The energy sector led last night’s US advance, rising 2.89 per cent. Technology gained 2.6 per cent despite a rebound in market rates.

Financials rose 2.01 per cent, industrials 1.96 per cent and materials 1.31 per cent. The night’s only losers were utilities -0.17 per cent and consumer staples -0.11 per cent.

IPOs: another huge day coming up, with four companies set to hit the boards. Atturra at 10.30 am AEDT was formerly known as FTS Group. The company designs and maintains I.T. systems.  

DMC Mining at 12 pm is a nickel-copper explorer with projects in WA. Falcon Metals at 2 pm looks for gold in Victoria’s Bendigo region. Infinity Mining at 3 pm explores for gold and rare earths in WA. The listing of Greentech Metals has been pushed back to Friday.

The dollar climbed 0.63 per cent to 71.54 US cents.


Oil clawed back much of its two-day loss as the US dollar weakened and traders backed the OPEC oil cartel to manage supply if demand weakens. Brent crude settled US$2.46 or 3.4 per cent ahead at US$73.98 a barrel.

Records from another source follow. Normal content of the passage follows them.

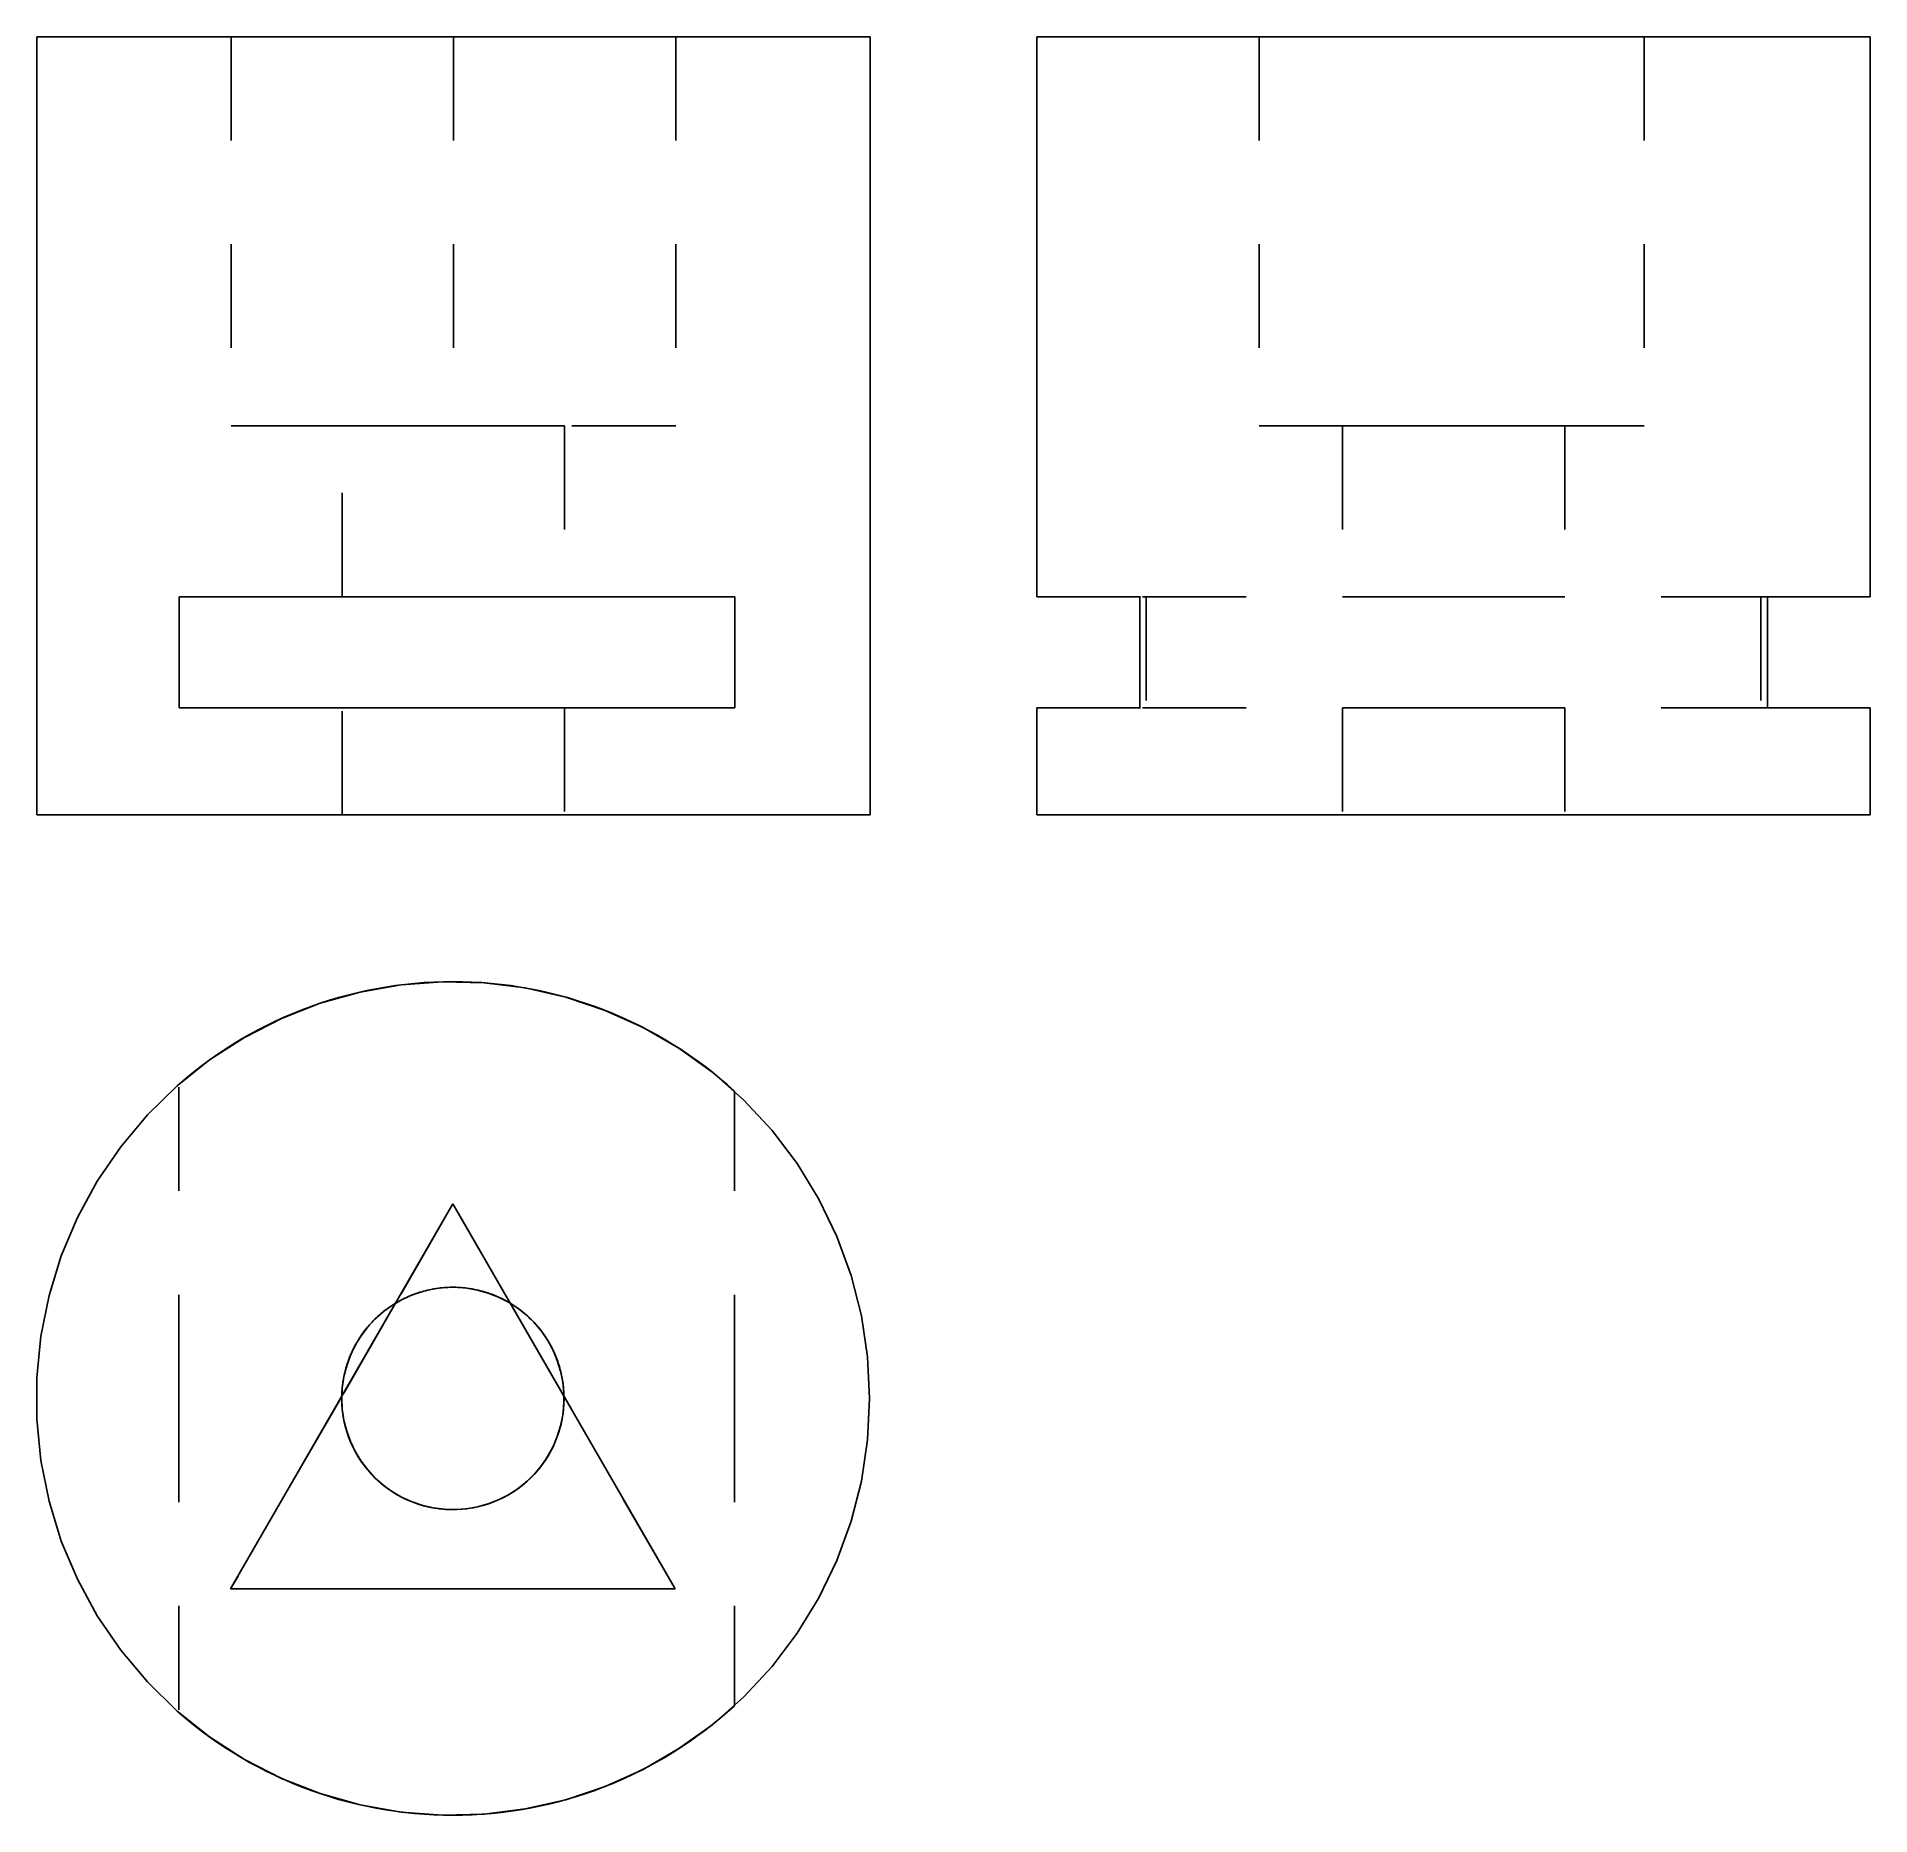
# Model space of a CAD drawing. Extents: x 0 to 1.77, y 0 to 1.71.
import ezdxf

# ---------------------------------------------------------------- set-up
doc = ezdxf.new("R2010")
doc.units = 0
doc.linetypes.add('HIDDEN', pattern=[0.040178, 0.026799, -0.013379])
for name, color, linetype in [('FRONT', 7, 'CONTINUOUS'), ('FRONT_HID', 7, 'HIDDEN'), ('LEFT', 7, 'CONTINUOUS'), ('LEFT_HID', 7, 'HIDDEN'), ('TOP', 7, 'CONTINUOUS'), ('TOP_HID', 7, 'HIDDEN')]:
    doc.layers.add(name, color=color, linetype=linetype)

msp = doc.modelspace()

# ---------------------------------------------------------------- linework, layer by layer
at = {"layer": 'FRONT'}
for p, q in [((0.803571, 1.714286), (0, 1.714286)), ((0, 1.714286), (0, 0.964286)), ((0.803571, 0.964286), (0.803571, 1.714286)), ((0.13747, 1.174496), (0.13747, 1.067353)), ((0.137471, 1.174496), (0.673185, 1.174496)), ((0.673185, 1.174496), (0.673185, 1.067353)), ((0.137471, 1.067353), (0.673185, 1.067353)), ((0.803571, 0.964286), (0, 0.964286))]:
    msp.add_line(p, q, dxfattribs=at)
at = {"layer": 'FRONT_HID', "linetype": 'HIDDEN'}
for p, q in [((0.1875, 1.714286), (0.616071, 1.714286)), ((0.401786, 1.714286), (0.1875, 1.714286)), ((0.1875, 1.714286), (0.1875, 1.339286)), ((0.616071, 1.714286), (0.401786, 1.714286)), ((0.401786, 1.714286), (0.401786, 1.339286)), ((0.616071, 1.714286), (0.616071, 1.339286)), ((0.1875, 1.339286), (0.616071, 1.339286)), ((0.294661, 1.339286), (0.1875, 1.339286)), ((0.294643, 1.174496), (0.294643, 1.339286)), ((0.294643, 1.339286), (0.294661, 1.339286)), ((0.508929, 1.339286), (0.294643, 1.339286)), ((0.346531, 1.339286), (0.294661, 1.339286)), ((0.294661, 1.339286), (0.346531, 1.339286)), ((0.401786, 1.339286), (0.346531, 1.339286)), ((0.346531, 1.339286), (0.45704, 1.339286)), ((0.45704, 1.339286), (0.401786, 1.339286)), ((0.508911, 1.339286), (0.45704, 1.339286)), ((0.45704, 1.339286), (0.508911, 1.339286)), ((0.616071, 1.339286), (0.508911, 1.339286)), ((0.508911, 1.339286), (0.508929, 1.339286)), ((0.508929, 1.339286), (0.508929, 1.174496)), ((0.294643, 1.174496), (0.13747, 1.174496)), ((0.508929, 1.174496), (0.294643, 1.174496)), ((0.294643, 1.174496), (0.508929, 1.174496)), ((0.673185, 1.174496), (0.508929, 1.174496)), ((0.13747, 1.067353), (0.294643, 1.067353)), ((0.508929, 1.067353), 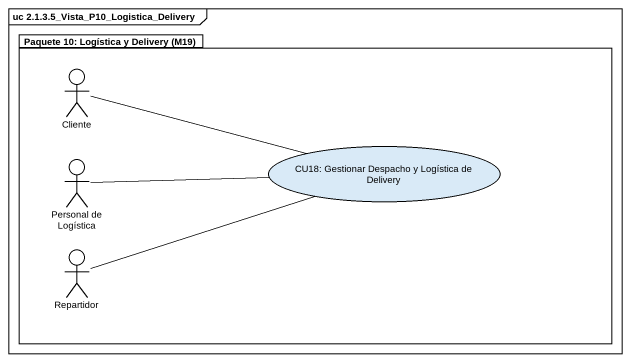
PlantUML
@startuml
mainframe uc 2.1.3.5_Vista_P10_Logistica_Delivery
package "Paquete 10: Logística y Delivery (M19)" as Paquete_10_Logística_y {
  actor Cliente
  actor "Personal de Logística" as Personal_de_Logística
  usecase "CU18: Gestionar Despacho y Logística de Delivery" as CU18_Gestionar_Despacho_y
  actor Repartidor
}
Cliente -right- CU18_Gestionar_Despacho_y
Personal_de_Logística -right- CU18_Gestionar_Despacho_y
Repartidor -right- CU18_Gestionar_Despacho_y
@enduml

“Bottom line, oil did rip back off of key support in the mid-$60s yesterday and for now, the ‘OPEC+ put’ remains in play,” Tom Essaye, founder of Sevens Report Research, said.

Mining giants BHP and Rio Tinto bounced as iron ore‘s recovery passed 50 per cent in six weeks. Ore futures in Singapore and China both gained at least 4 per cent yesterday.

BHP‘s US-listed stock advanced 2.56 per cent after its UK-listed stock added 2.31 per cent. Rio Tinto tacked on 2.63 per cent in the US and 3.02 per cent in the UK.

Gold fell for a second night as traders favoured assets with better risk exposure. Metal for February delivery settled US$5.90 or 0.3 per cent lower at US$1,788.70 an ounce. The NYSE Arca Gold Bugs Index bounced 0.66 per cent.

A weaker dollar and supply concerns helped lift copper. March copper rallied 5.25 cents or 1.2 per cent to US$4.346 a pound on Comex.

“Fundamentals remain supportive with low inventory and backwardation in place,” a Singapore-based copper analyst told Reuters. “Demand, on the other hand, could receive support from scrap tightness and policy easing in China.”